3. It is not a holding company, and has not maintained a large number of diversified operations (this is stipulated by law).

Therefore, tax-free investment companies regularly pay enterprise income tax on this part of undistributed income, but not on this part of income distributed to shareholders. As a channel for shareholders to receive dividends, investment companies inform shareholders (that is, investors who invest in funds) to receive dividends. These shareholders pay personal income tax on interest, dividends and short-term capital gains, and pay capital gains tax on this part of the income from long-term capital gains.

According to the Japanese tax law, the income obtained by investment fund management companies from the use of trust property is not subject to income tax as long as they comply with relevant regulations.
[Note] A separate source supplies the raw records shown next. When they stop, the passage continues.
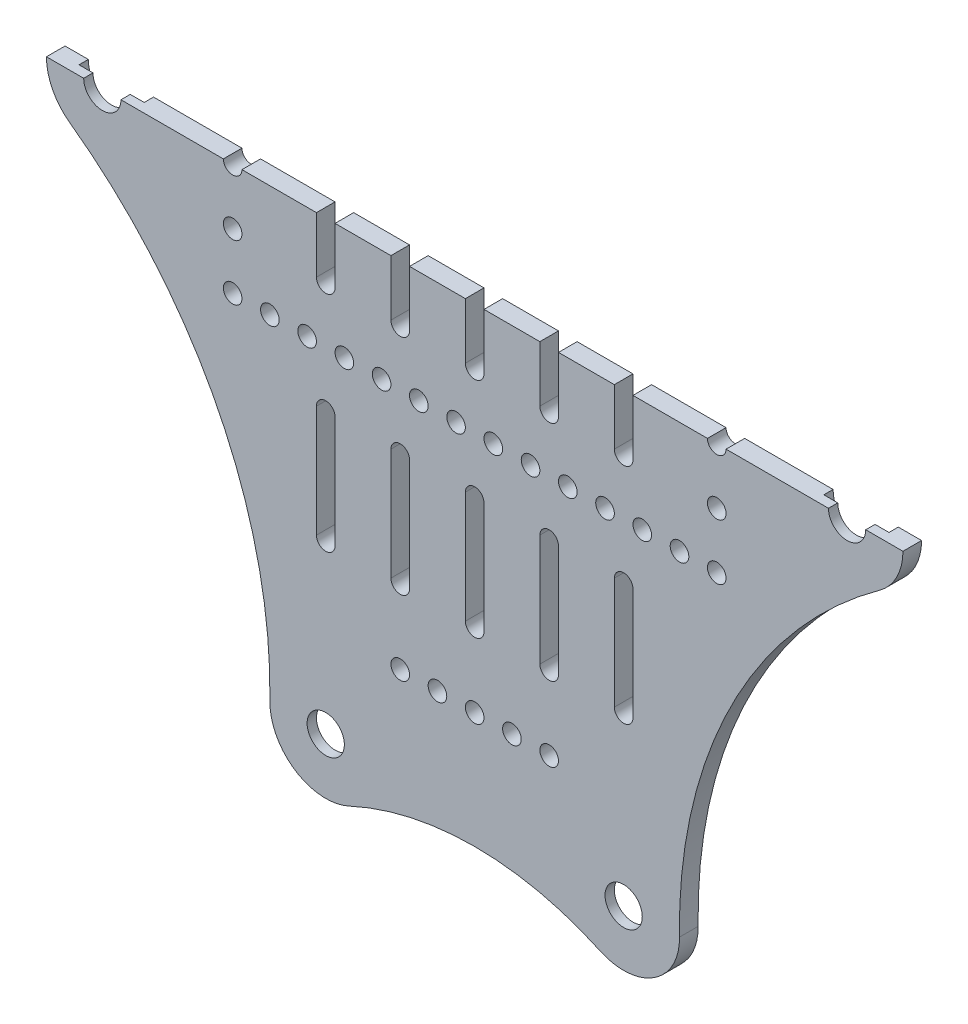
SolidWorks part; units mm, degrees
ref_plane "前视基准面" through (0, 0, 0) normal (0, 0, 1) x (1, 0, 0)
ref_plane "上视基准面" through (0, 0, 0) normal (0, 1, 0) x (1, 0, 0)
ref_plane "右视基准面" through (0, 0, 0) normal (1, 0, 0) x (0, 0, -1)
other "Configuration Table"
sketch "Sketch1" plane through (0, 0, 0) normal (0, 0, 1) x (1, 0, 0)
  line L0 (0, 0) -> (0, 120) construction
  line L1 (0, 120) -> (40, 120) construction
  line L2 (0, 0) -> (100, 0) construction
  circle A1 centre (100, 0) radius 15
  circle A2 centre (40, 120) radius 15
  circle A3 centre (-100, 0) radius 15
  circle A4 centre (-40, 120) radius 15
  circle A5 centre (40, -120) radius 15
  circle A6 centre (-40, -120) radius 15
  arc A7 (-33.6842, 133.6055) -> (33.6842, 133.6055) centre (0, 206.1684) ccw
  arc A8 (-33.6842, -133.6055) -> (33.6842, -133.6055) centre (0, -206.1684) cw
  arc A9 (-108.7909, 12.154) -> (-54.9978, 119.7403) centre (-184.9783, 117.4891) ccw
  arc A10 (108.7909, 12.154) -> (54.9978, 119.7403) centre (184.9783, 117.4891) cw
  arc A11 (108.7909, -12.154) -> (54.9978, -119.7403) centre (184.9783, -117.4891) ccw
  arc A12 (-108.7909, -12.154) -> (-54.9978, -119.7403) centre (-184.9783, -117.4891) cw
  dimension "D1" = 30
  dimension "D2" = 30
  dimension "D6" = 80
  dimension "D7" = 130
  dimension "D3" = 40
  dimension "D4" = 100
  dimension "D5" = 120
extrude "Boss-Extrude1" add sketch "Sketch1" along normal blind 5 contours A3 A12 A6 A8 A5 A11 A1 A10 A2 A7 A4 A9 | A3 | A4 | A2 | A1 | A5 | A6 A7
sketch "Sketch2" plane through (0, 0, 0) normal (0, 0, -1) x (-1, 0, 0)
  line L0 (0, 0) -> (0, 91.5521) construction
  line L1 (0, 0) -> (39.9574, 0) construction
  circle A0 centre (-40, 120) radius 5
  circle A1 centre (-100, 0) radius 5
  circle A2 centre (100, 0) radius 5
  circle A3 centre (40, 120) radius 5
  circle A4 centre (40, -120) radius 5
  circle A5 centre (-40, -120) radius 5
  dimension "D1" = 10
extrude "Cut-Extrude1" cut sketch "Sketch2" against normal through all
sketch "Sketch5" plane through (0, 0, 0) normal (0, 0, -1) x (-1, 0, 0)
  line L0 (0, 95) -> (0, 126.1684) construction
  line L1 (0, 95) -> (20, 95) construction
  line L2 (0, -95) -> (0, -126.1684) construction
  line L3 (0, 0) -> (50.0339, 0) construction
  line L5 (0, -95) -> (20, -95) construction
  circle A0 centre (20, 95) radius 2.5
  circle A1 centre (0, 95) radius 2.5
  circle A2 centre (10, 95) radius 2.5
  circle A17 centre (10, -95) radius 2.5
  circle A18 centre (0, -95) radius 2.5
  circle A19 centre (20, -95) radius 2.5
  arc A20 (-33.6842, 133.6055) -> (33.6842, 133.6055) centre (0, 206.1684) ccw construction
  circle A21 centre (-20, 95) radius 2.5
  circle A22 centre (-10, 95) radius 2.5
  arc A23 (33.6842, -133.6055) -> (-33.6842, -133.6055) centre (0, -206.1684) ccw construction
  circle A24 centre (-20, -95) radius 2.5
  circle A25 centre (-10, -95) radius 2.5
  dimension "D1" = 5
  dimension "D2" = 5
  dimension "D4" = 5
  dimension "D3" = 95
  dimension "D5" = 10
extrude "Cut-Extrude4" cut sketch "Sketch5" against normal blind 12.5
sketch "Sketch6" plane through (0, 0, 5) normal (0, 0, 1) x (1, 0, 0)
  line L110 (0, 0) -> (0, 75) construction
  line L111 (0, 75) -> (40, 75) construction
  line L112 (40, 75) -> (40, 45) construction
  line L113 (42.5, 75) -> (42.5, 45)
  line L114 (37.5, 75) -> (37.5, 45)
  line L115 (20, 75) -> (20, 45) construction
  line L116 (22.5, 75) -> (22.5, 45)
  line L117 (17.5, 75) -> (17.5, 45)
  line L118 (0, 75) -> (0, 45) construction
  line L119 (2.5, 75) -> (2.5, 45)
  line L120 (-2.5, 75) -> (-2.5, 45)
  line L121 (-20, 75) -> (-20, 45) construction
  line L122 (-17.5, 75) -> (-17.5, 45)
  line L123 (-22.5, 75) -> (-22.5, 45)
  line L124 (-40, 75) -> (-40, 45) construction
  line L125 (-37.5, 75) -> (-37.5, 45)
  line L126 (-42.5, 75) -> (-42.5, 45)
  line L127 (40, 120) -> (0, 120) construction
  line L128 (0, 15) -> (40, 15) construction
  line L129 (40, 15) -> (40, -15) construction
  line L130 (42.5, 15) -> (42.5, -15)
  line L131 (37.5, 15) -> (37.5, -15)
  line L132 (20, 15) -> (20, -15) construction
  line L133 (22.5, 15) -> (22.5, -15)
  line L134 (17.5, 15) -> (17.5, -15)
  line L135 (0, 15) -> (0, -15) construction
  line L136 (2.5, 15) -> (2.5, -15)
  line L137 (-2.5, 15) -> (-2.5, -15)
  line L138 (-20, 15) -> (-20, -15) construction
  line L139 (-17.5, 15) -> (-17.5, -15)
  line L140 (-22.5, 15) -> (-22.5, -15)
  line L141 (-40, 15) -> (-40, -15) construction
  line L142 (-37.5, 15) -> (-37.5, -15)
  line L143 (-42.5, 15) -> (-42.5, -15)
  line L144 (0, -45) -> (40, -45) construction
  line L145 (40, -45) -> (40, -75) construction
  line L146 (42.5, -45) -> (42.5, -75)
  line L147 (37.5, -45) -> (37.5, -75)
  line L148 (20, -45) -> (20, -75) construction
  line L149 (22.5, -45) -> (22.5, -75)
  line L150 (17.5, -45) -> (17.5, -75)
  line L151 (0, -45) -> (0, -75) construction
  line L152 (2.5, -45) -> (2.5, -75)
  line L153 (-2.5, -45) -> (-2.5, -75)
  line L154 (-20, -45) -> (-20, -75) construction
  line L155 (-17.5, -45) -> (-17.5, -75)
  line L156 (-22.5, -45) -> (-22.5, -75)
  line L157 (-40, -45) -> (-40, -75) construction
  line L158 (-37.5, -45) -> (-37.5, -75)
  line L159 (-42.5, -45) -> (-42.5, -75)
  arc A90 (42.5, 75) -> (37.5, 75) centre (40, 75) ccw
  arc A91 (37.5, 45) -> (42.5, 45) centre (40, 45) ccw
  arc A92 (22.5, 75) -> (17.5, 75) centre (20, 75) ccw
  arc A93 (17.5, 45) -> (22.5, 45) centre (20, 45) ccw
  arc A94 (2.5, 75) -> (-2.5, 75) centre (0, 75) ccw
  arc A95 (-2.5, 45) -> (2.5, 45) centre (0, 45) ccw
  arc A96 (-17.5, 75) -> (-22.5, 75) centre (-20, 75) ccw
  arc A97 (-22.5, 45) -> (-17.5, 45) centre (-20, 45) ccw
  arc A98 (-37.5, 75) -> (-42.5, 75) centre (-40, 75) ccw
  arc A99 (-42.5, 45) -> (-37.5, 45) centre (-40, 45) ccw
  arc A100 (42.5, 15) -> (37.5, 15) centre (40, 15) ccw
  arc A101 (37.5, -15) -> (42.5, -15) centre (40, -15) ccw
  arc A102 (22.5, 15) -> (17.5, 15) centre (20, 15) ccw
  arc A103 (17.5, -15) -> (22.5, -15) centre (20, -15) ccw
  arc A104 (2.5, 15) -> (-2.5, 15) centre (0, 15) ccw
  arc A105 (-2.5, -15) -> (2.5, -15) centre (0, -15) ccw
  arc A106 (-17.5, 15) -> (-22.5, 15) centre (-20, 15) ccw
  arc A107 (-22.5, -15) -> (-17.5, -15) centre (-20, -15) ccw
  arc A108 (-37.5, 15) -> (-42.5, 15) centre (-40, 15) ccw
  arc A109 (-42.5, -15) -> (-37.5, -15) centre (-40, -15) ccw
  arc A110 (42.5, -45) -> (37.5, -45) centre (40, -45) ccw
  arc A111 (37.5, -75) -> (42.5, -75) centre (40, -75) ccw
  arc A112 (22.5, -45) -> (17.5, -45) centre (20, -45) ccw
  arc A113 (17.5, -75) -> (22.5, -75) centre (20, -75) ccw
  arc A114 (2.5, -45) -> (-2.5, -45) centre (0, -45) ccw
  arc A115 (-2.5, -75) -> (2.5, -75) centre (0, -75) ccw
  arc A116 (-17.5, -45) -> (-22.5, -45) centre (-20, -45) ccw
  arc A117 (-22.5, -75) -> (-17.5, -75) centre (-20, -75) ccw
  arc A118 (-37.5, -45) -> (-42.5, -45) centre (-40, -45) ccw
  arc A119 (-42.5, -75) -> (-37.5, -75) centre (-40, -75) ccw
  point P115 (40, 60)
  point P123 (20, 60)
  point P130 (0, 60)
  point P137 (-20, 60)
  point P144 (-40, 60)
  point P153 (40, 0)
  point P160 (20, 0)
  point P167 (0, 0)
  point P174 (-20, 0)
  point P181 (-40, 0)
  point P189 (40, -60)
  point P196 (20, -60)
  point P203 (0, -60)
  point P210 (-20, -60)
  point P217 (-40, -60)
  dimension "D9" = 2.5
  dimension "D7" = 40
  dimension "D8" = 75
  dimension "D10" = 30
  dimension "D11" = 20
  dimension "D12" = 60
  dimension "D13" = 20
extrude "Cut-Extrude5" cut sketch "Sketch6" against normal blind 10
sketch "Sketch7" plane through (0, 0, 5) normal (0, 0, 1) x (1, 0, 0)
  line L4 (0, 0) -> (0, 30) construction
  line L5 (0, 30) -> (-65, 30) construction
  line L6 (0, 0) -> (85, 0) construction
  line L7 (0, -30) -> (-65, -30) construction
  circle A28 centre (-65, 30) radius 2.5
  circle A29 centre (-55, 30) radius 2.5
  circle A30 centre (-45, 30) radius 2.5
  circle A31 centre (-35, 30) radius 2.5
  circle A32 centre (-25, 30) radius 2.5
  circle A33 centre (-15, 30) radius 2.5
  circle A34 centre (-5, 30) radius 2.5
  circle A35 centre (5, 30) radius 2.5
  circle A36 centre (15, 30) radius 2.5
  circle A37 centre (25, 30) radius 2.5
  circle A38 centre (35, 30) radius 2.5
  circle A39 centre (45, 30) radius 2.5
  circle A40 centre (55, 30) radius 2.5
  circle A41 centre (65, 30) radius 2.5
  circle A42 centre (65, -30) radius 2.5
  circle A43 centre (55, -30) radius 2.5
  circle A44 centre (45, -30) radius 2.5
  circle A45 centre (35, -30) radius 2.5
  circle A46 centre (25, -30) radius 2.5
  circle A47 centre (15, -30) radius 2.5
  circle A48 centre (5, -30) radius 2.5
  circle A49 centre (-5, -30) radius 2.5
  circle A50 centre (-15, -30) radius 2.5
  circle A51 centre (-25, -30) radius 2.5
  circle A52 centre (-35, -30) radius 2.5
  circle A53 centre (-45, -30) radius 2.5
  circle A54 centre (-55, -30) radius 2.5
  circle A55 centre (-65, -30) radius 2.5
  dimension "D5" = 5
  dimension "D6" = 30
  dimension "D7" = 65
  dimension "D8" = 10
extrude "Cut-Extrude6" cut sketch "Sketch7" against normal blind 10
sketch "Sketch8" plane through (0, 0, 5) normal (0, 0, 1) x (1, 0, 0)
  line L5 (0, 0) -> (-65, 0) construction
  line L6 (-65, 0) -> (-40, 15) construction
  line L7 (-40, 15) -> (-65, 15) construction
  line L8 (-65, 15) -> (-65, 0) construction
  line L9 (0, 0) -> (0, 17.5) construction
  circle A6 centre (-65, 0) radius 2.5
  circle A7 centre (-65, 15) radius 2.5
  circle A8 centre (-65, -15) radius 2.5
  circle A9 centre (65, -15) radius 2.5
  circle A10 centre (65, 0) radius 2.5
  circle A11 centre (65, 15) radius 2.5
  dimension "D4" = 5
  dimension "D6" = 5
  dimension "D5" = 65
extrude "Cut-Extrude7" cut sketch "Sketch8" against normal blind 10
sketch "Sketch9" plane through (0, 0, 0) normal (0, 0, -1) x (-1, 0, 0)
  circle A1 centre (100, 0) radius 8.75
  circle A2 centre (40, 120) radius 8.75
  circle A3 centre (40, -120) radius 8.75
  circle A4 centre (-40, -120) radius 8.75
  circle A5 centre (-100, 0) radius 8.75
  circle A6 centre (-40, 120) radius 8.75
  dimension "D1" = 17.5
extrude "Cut-Extrude8" cut sketch "Sketch9" against normal blind 2.5
sketch "Sketch10" plane through (0, 0, 5) normal (0, 0, 1) x (1, 0, 0)
  line L0 (-115, 0) -> (115, 0)
  line L2 (-115, -135) -> (115, -135)
  line L3 (-115, -135) -> (-115, 135)
  line L4 (-115, 135) -> (115, 135)
  line L5 (115, -135) -> (115, 135)
  line L6 (-115, -135) -> (115, 135) construction
  line L7 (-115, 135) -> (115, -135) construction
  arc A0 (-108.7909, 12.154) -> (-108.7909, -12.154) centre (-100, 0) ccw construction
  arc A1 (108.7909, -12.154) -> (108.7909, 12.154) centre (100, 0) ccw construction
  point P8 (0, 0)
  dimension "D1" = 270
  dimension "D2" = 230
extrude "Cut-Extrude9" cut sketch "Sketch10" against normal blind 10 contours L0 L5 L4 L3

At the same time, investment fund management companies are not regarded as legal persons, so they do not have to pay corporate tax.

At present, most countries in the world stipulate that investment funds can be tax-free after meeting certain conditions. The theory that investment fund income can be tax-free is transmission theory. According to this theory, investment funds are unique. It is just an organized channel and an agency between investors and diversified securities. The property it manages has no ownership and the fund has no real name. Its obligation is to distribute the proportion of income to investors. Therefore, if taxation is imposed, it will inevitably lead to repeated taxation.

When considering its investment objectives, investment funds should understand the relevant provisions of the law in detail and strive for more favorable tax status and tax-free treatment.